─── Entries provided ───

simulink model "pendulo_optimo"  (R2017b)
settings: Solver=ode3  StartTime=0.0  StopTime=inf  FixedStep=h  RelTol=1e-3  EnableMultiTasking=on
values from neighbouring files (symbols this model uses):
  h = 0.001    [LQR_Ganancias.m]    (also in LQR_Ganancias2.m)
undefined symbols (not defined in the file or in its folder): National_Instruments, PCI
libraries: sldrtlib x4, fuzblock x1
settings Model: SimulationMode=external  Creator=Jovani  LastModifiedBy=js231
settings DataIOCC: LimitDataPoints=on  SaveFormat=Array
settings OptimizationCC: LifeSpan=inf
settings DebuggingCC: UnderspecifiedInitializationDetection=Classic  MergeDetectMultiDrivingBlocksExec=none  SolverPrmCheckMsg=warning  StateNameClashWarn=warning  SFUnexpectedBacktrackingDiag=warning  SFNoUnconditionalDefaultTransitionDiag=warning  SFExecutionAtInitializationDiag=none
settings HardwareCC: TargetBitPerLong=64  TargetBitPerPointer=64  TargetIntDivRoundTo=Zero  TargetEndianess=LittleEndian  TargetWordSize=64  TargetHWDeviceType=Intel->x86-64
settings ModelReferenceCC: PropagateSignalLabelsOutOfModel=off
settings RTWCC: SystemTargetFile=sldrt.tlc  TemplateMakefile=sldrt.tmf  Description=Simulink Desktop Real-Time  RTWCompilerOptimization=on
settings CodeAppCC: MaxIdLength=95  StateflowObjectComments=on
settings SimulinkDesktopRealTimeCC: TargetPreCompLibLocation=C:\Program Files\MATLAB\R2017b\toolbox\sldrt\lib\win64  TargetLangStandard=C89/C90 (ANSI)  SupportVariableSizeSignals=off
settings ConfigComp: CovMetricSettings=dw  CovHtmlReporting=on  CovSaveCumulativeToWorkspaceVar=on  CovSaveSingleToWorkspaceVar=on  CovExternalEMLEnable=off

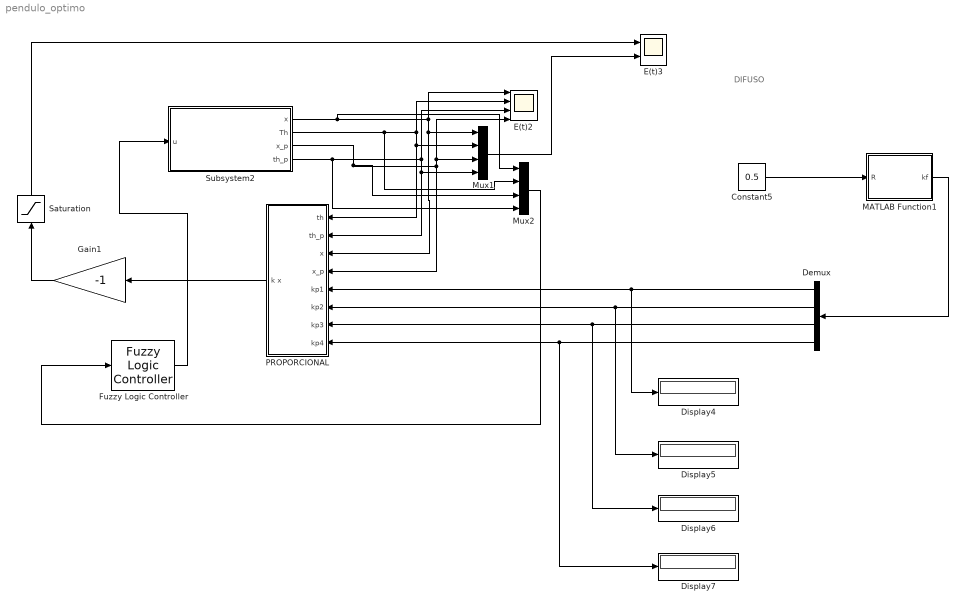
== system pendulo_optimo ==
  note: DIFUSO
  Constant5 : Constant  Value=0.5
  Demux : Demux
  Display{4..7} (4 alike) : Display
  E(t)2 : Scope  NumInputPorts=4
  E(t)3 : Scope  NumInputPorts=2
  Fuzzy Logic Controller : fuzblock/Fuzzy Logic  Controller  FIS=TS_carro_pendulo  OutputSampleNumber=101  DataType=double  FuzzifiedInputs=off  RuleFiringStrengths=off  RuleOutputs=off  AggregatedOutputs=off  SimulateUsing=Interpreted execution
  Gain1 : Gain  Gain=-1
  MATLAB Function1 : MATLAB Function  TreatAsAtomicUnit=on
  Mux1 : Mux
  Mux2 : Mux
  PROPORCIONAL : Subsystem
  Saturation : Saturate  UpperLimit=7.5  LowerLimit=-7.5
  Subsystem2 : Subsystem
  wires:
  Gain1/1 -> Saturation/1
  Subsystem2/4(th_p) -> Mux2/4, PROPORCIONAL/2(th_p), Mux1/4, E(t)2/3
  Subsystem2/3(x_p) -> Mux2/3, E(t)2/4, Mux1/3, PROPORCIONAL/4(x_p)
  Subsystem2/2(Th) -> Mux2/2, Mux1/2, PROPORCIONAL/1(th), E(t)2/2
  Subsystem2/1(x) -> Mux2/1, Mux1/1, PROPORCIONAL/3(x), E(t)2/1
  Mux1/1 -> E(t)3/2
  PROPORCIONAL/1(k x) -> Gain1/1
  Saturation/1 -> E(t)3/1
  Constant5/1 -> MATLAB Function1/1(R)
  MATLAB Function1/1(kf) -> Demux/1
  Demux/1 -> Display4/1, PROPORCIONAL/5(kp1)
  Demux/2 -> Display5/1, PROPORCIONAL/6(kp2)
  Demux/3 -> Display6/1, PROPORCIONAL/7(kp3)
  Demux/4 -> Display7/1, PROPORCIONAL/8(kp4)
  Mux2/1 -> Fuzzy Logic Controller/1
  Fuzzy Logic Controller/1 -> Subsystem2/1(u)

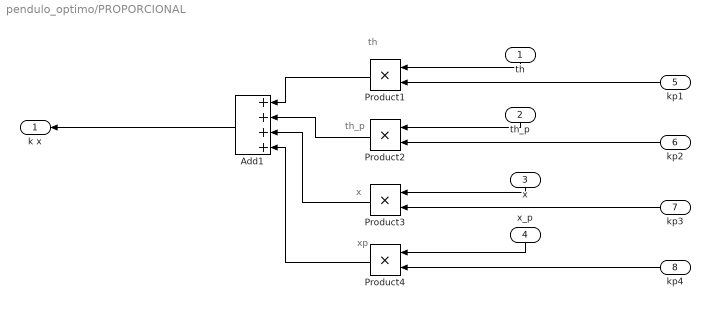
== system pendulo_optimo/PROPORCIONAL ==
  note: xp
  note: x
  note: th_p
  note: th
  th : Inport
  th_p : Inport  Port=2
  x : Inport  Port=3
  x_p : Inport  Port=4
  kp1 : Inport  Port=5
  kp2 : Inport  Port=6
  kp3 : Inport  Port=7
  kp4 : Inport  Port=8
  Add1 : Sum  Inputs=++++
  Product{1..4} (4 alike) : Product
  k x : Outport
  wires:
  x_p/1 -> Product4/1
  x/1 -> Product3/1
  th_p/1 -> Product2/1
  th/1 -> Product1/1
  Add1/1 -> k x/1
  Product4/1 -> Add1/4
  Product3/1 -> Add1/3
  Product2/1 -> Add1/2
  Product1/1 -> Add1/1
  kp3/1 -> Product3/2
  kp1/1 -> Product1/2
  kp2/1 -> Product2/2
  kp4/1 -> Product4/2

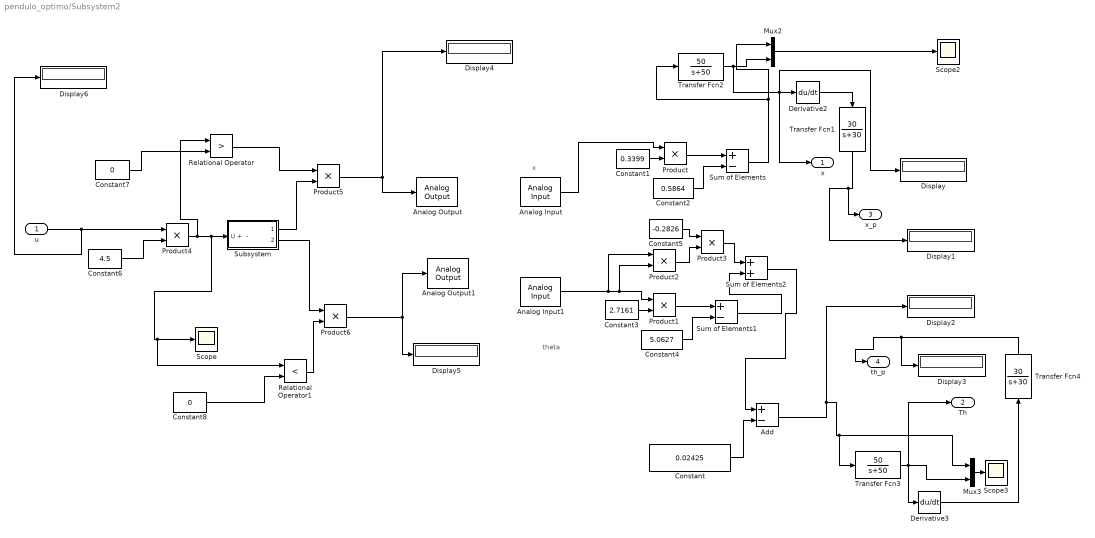
== system pendulo_optimo/Subsystem2 ==
  note: x
  note: theta
  u : Inport
  Add : Sum  Inputs=+-
  Analog Input : sldrtlib/Analog Input  SampleTime=h  MaxMissedTicks=10  ShowMissedTicks=off  YieldWhenWaiting=off  DrvName=National_Instruments/PCI-6071E  DrvAddress=0  DrvOptions=[0 0 0 0 0 0]  Channels=1  RangeMode=1  VoltRange=10  DataType=1
      settings: AttributesFormatString=National Instruments\nPCI-6071E [0h]  SourceProductName=Simulink Desktop Real-Time
  Analog Input1 : sldrtlib/Analog Input  SampleTime=h  MaxMissedTicks=10  ShowMissedTicks=off  YieldWhenWaiting=off  DrvName=National_Instruments/PCI-6071E  DrvAddress=0  DrvOptions=[0 0 0 0 0 0]  Channels=2  RangeMode=1  VoltRange=10  DataType=1
      settings: AttributesFormatString=National Instruments\nPCI-6071E [0h]  SourceProductName=Simulink Desktop Real-Time
  Analog Output : sldrtlib/Analog Output  SampleTime=h  MaxMissedTicks=10  ShowMissedTicks=off  YieldWhenWaiting=off  DrvName=National_Instruments/PCI-6071E  DrvAddress=0  DrvOptions=[0 0 0 0 0 0]  Channels=1  RangeMode=1  VoltRange=1  InitialValue=[]  FinalValue=[]
      settings: AttributesFormatString=National Instruments\nPCI-6071E [0h]  SourceProductName=Simulink Desktop Real-Time
  Analog Output1 : sldrtlib/Analog Output  SampleTime=h  MaxMissedTicks=10  ShowMissedTicks=off  YieldWhenWaiting=off  DrvName=National_Instruments/PCI-6071E  DrvAddress=0  DrvOptions=[0 0 0 0 0 0]  Channels=2  RangeMode=1  VoltRange=1  InitialValue=[]  FinalValue=[]
      settings: AttributesFormatString=National Instruments\nPCI-6071E [0h]  SourceProductName=Simulink Desktop Real-Time
  Constant : Constant  Value=0.02425
  Constant1 : Constant  Value=0.3399
  Constant2 : Constant  Value=0.5864
  Constant3 : Constant  Value=2.7161
  Constant4 : Constant  Value=5.0627
  Constant5 : Constant  Value=-0.2826
  Constant6 : Constant  Value=4.5
  Constant7 : Constant  Value=0
  Constant8 : Constant  Value=0
  Derivative2 : Derivative
  Derivative3 : Derivative
  Display{,1..6} (7 alike) : Display
  Mux2 : Mux  Inputs=2
  Mux3 : Mux  Inputs=2
  Product{,1..6} (7 alike) : Product
  Relational Operator : RelationalOperator  Operator=>  OutDataTypeStr=boolean  RndMeth=Nearest
  Relational Operator1 : RelationalOperator  Operator=<  OutDataTypeStr=boolean  RndMeth=Nearest
  Scope : Scope
  Scope2 : Scope
  Scope3 : Scope
  Subsystem : Subsystem
  Sum of Elements : Sum  Inputs=+-
  Sum of Elements1 : Sum  Inputs=+-
  Sum of Elements2 : Sum
  Transfer Fcn1 : TransferFcn  Numerator=[30]  Denominator=[1 30]
  Transfer Fcn2 : TransferFcn  Numerator=[50]  Denominator=[1 50]
  Transfer Fcn3 : TransferFcn  Numerator=[50]  Denominator=[1 50]
  Transfer Fcn4 : TransferFcn  Numerator=[30]  Denominator=[1 30]
  x : Outport
  Th : Outport  Port=2
  x_p : Outport  Port=3
  th_p : Outport  Port=4
  wires:
  Transfer Fcn4/1 -> th_p/1, Display3/1
  Transfer Fcn1/1 -> x_p/1, Display1/1
  Transfer Fcn3/1 -> Mux3/2, Derivative3/1, Th/1
  Mux3/1 -> Scope3/1
  Transfer Fcn2/1 -> Mux2/2, Derivative2/1, Display/1, x/1
  Mux2/1 -> Scope2/1
  Derivative3/1 -> Transfer Fcn4/1
  Derivative2/1 -> Transfer Fcn1/1
  Subsystem/2(neg ++) -> Product6/1
  Subsystem/1(pos ++) -> Product5/2
  Constant/1 -> Add/2
  Sum of Elements2/1 -> Add/1
  Relational Operator/1 -> Product5/1
  Product6/1 -> Analog Output1/1, Display5/1
  Relational Operator1/1 -> Product6/2
  Constant8/1 -> Relational Operator1/2
  Product5/1 -> Display4/1, Analog Output/1
  Constant7/1 -> Relational Operator/2
  Product4/1 -> Subsystem/1(U +  -), Scope/1, Relational Operator1/1, Relational Operator/1
  Constant6/1 -> Product4/2
  u/1 -> Product4/1, Display6/1
  Sum of Elements1/1 -> Sum of Elements2/2
  Product3/1 -> Sum of Elements2/1
  Product2/1 -> Product3/2
  Constant5/1 -> Product3/1
  Constant4/1 -> Sum of Elements1/2
  Constant3/1 -> Product1/2
  Product1/1 -> Sum of Elements1/1
  Sum of Elements/1 -> Transfer Fcn2/1, Mux2/1
  Constant2/1 -> Sum of Elements/2
  Constant1/1 -> Product/2
  Product/1 -> Sum of Elements/1
  Analog Input/1 -> Product/1
  Analog Input1/1 -> Product1/1, Product2/2, Product2/1
  Add/1 -> Mux3/1, Transfer Fcn3/1, Display2/1

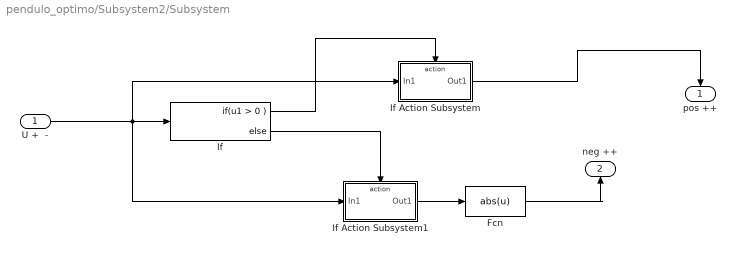
== system pendulo_optimo/Subsystem2/Subsystem ==
  U +  - : Inport
  Fcn : Fcn  Expr=abs(u)
  If : If  IfExpression=u1 > 0
  If Action Subsystem : Subsystem  TreatAsAtomicUnit=on
  If Action Subsystem1 : Subsystem  TreatAsAtomicUnit=on
  pos ++ : Outport
  neg ++ : Outport  Port=2
  wires:
  Fcn/1 -> neg ++/1
  If Action Subsystem1/1(Out1) -> Fcn/1
  If Action Subsystem/1(Out1) -> pos ++/1
  If/2 -> If Action Subsystem1/Action
  U +  -/1 -> If/1, If Action Subsystem/1(In1), If Action Subsystem1/1(In1)
  If/1 -> If Action Subsystem/Action

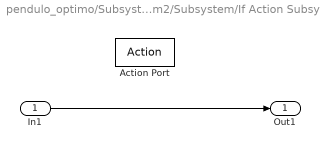
== system pendulo_optimo/Subsystem2/Subsystem/If Action Subsystem ==
  In1 : Inport
  Action Port : ActionPort  ActionType=then
  Out1 : Outport
  wires:
  In1/1 -> Out1/1

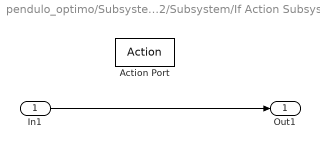
== system pendulo_optimo/Subsystem2/Subsystem/If Action Subsystem1 ==
  In1 : Inport
  Action Port : ActionPort  ActionType=else
  Out1 : Outport
  wires:
  In1/1 -> Out1/1

== matlab function pendulo_optimo/MATLAB Function1 ==
  data: R input; kf output
function kf = fcn(R)
%#codegen
%kf=[-60.1155,-15.6512,-6.3246,-10.4452];
kf=[-60.1155,-15.6512,-6.3246,-10.4452];

end

───

**What you should do**
Your output should be the lines above from the one that contains "kp3 : Inport" through the one that contains "Derivative2 : Derivative", word for word, with pictures left out.

**Your solution**
  kp3 : Inport  Port=7
  kp4 : Inport  Port=8
  Add1 : Sum  Inputs=++++
  Product{1..4} (4 alike) : Product
  k x : Outport
  wires:
  x_p/1 -> Product4/1
  x/1 -> Product3/1
  th_p/1 -> Product2/1
  th/1 -> Product1/1
  Add1/1 -> k x/1
  Product4/1 -> Add1/4
  Product3/1 -> Add1/3
  Product2/1 -> Add1/2
  Product1/1 -> Add1/1
  kp3/1 -> Product3/2
  kp1/1 -> Product1/2
  kp2/1 -> Product2/2
  kp4/1 -> Product4/2

== system pendulo_optimo/Subsystem2 ==
  note: x
  note: theta
  u : Inport
  Add : Sum  Inputs=+-
  Analog Input : sldrtlib/Analog Input  SampleTime=h  MaxMissedTicks=10  ShowMissedTicks=off  YieldWhenWaiting=off  DrvName=National_Instruments/PCI-6071E  DrvAddress=0  DrvOptions=[0 0 0 0 0 0]  Channels=1  RangeMode=1  VoltRange=10  DataType=1
      settings: AttributesFormatString=National Instruments\nPCI-6071E [0h]  SourceProductName=Simulink Desktop Real-Time
  Analog Input1 : sldrtlib/Analog Input  SampleTime=h  MaxMissedTicks=10  ShowMissedTicks=off  YieldWhenWaiting=off  DrvName=National_Instruments/PCI-6071E  DrvAddress=0  DrvOptions=[0 0 0 0 0 0]  Channels=2  RangeMode=1  VoltRange=10  DataType=1
      settings: AttributesFormatString=National Instruments\nPCI-6071E [0h]  SourceProductName=Simulink Desktop Real-Time
  Analog Output : sldrtlib/Analog Output  SampleTime=h  MaxMissedTicks=10  ShowMissedTicks=off  YieldWhenWaiting=off  DrvName=National_Instruments/PCI-6071E  DrvAddress=0  DrvOptions=[0 0 0 0 0 0]  Channels=1  RangeMode=1  VoltRange=1  InitialValue=[]  FinalValue=[]
      settings: AttributesFormatString=National Instruments\nPCI-6071E [0h]  SourceProductName=Simulink Desktop Real-Time
  Analog Output1 : sldrtlib/Analog Output  SampleTime=h  MaxMissedTicks=10  ShowMissedTicks=off  YieldWhenWaiting=off  DrvName=National_Instruments/PCI-6071E  DrvAddress=0  DrvOptions=[0 0 0 0 0 0]  Channels=2  RangeMode=1  VoltRange=1  InitialValue=[]  FinalValue=[]
      settings: AttributesFormatString=National Instruments\nPCI-6071E [0h]  SourceProductName=Simulink Desktop Real-Time
  Constant : Constant  Value=0.02425
  Constant1 : Constant  Value=0.3399
  Constant2 : Constant  Value=0.5864
  Constant3 : Constant  Value=2.7161
  Constant4 : Constant  Value=5.0627
  Constant5 : Constant  Value=-0.2826
  Constant6 : Constant  Value=4.5
  Constant7 : Constant  Value=0
  Constant8 : Constant  Value=0
  Derivative2 : Derivative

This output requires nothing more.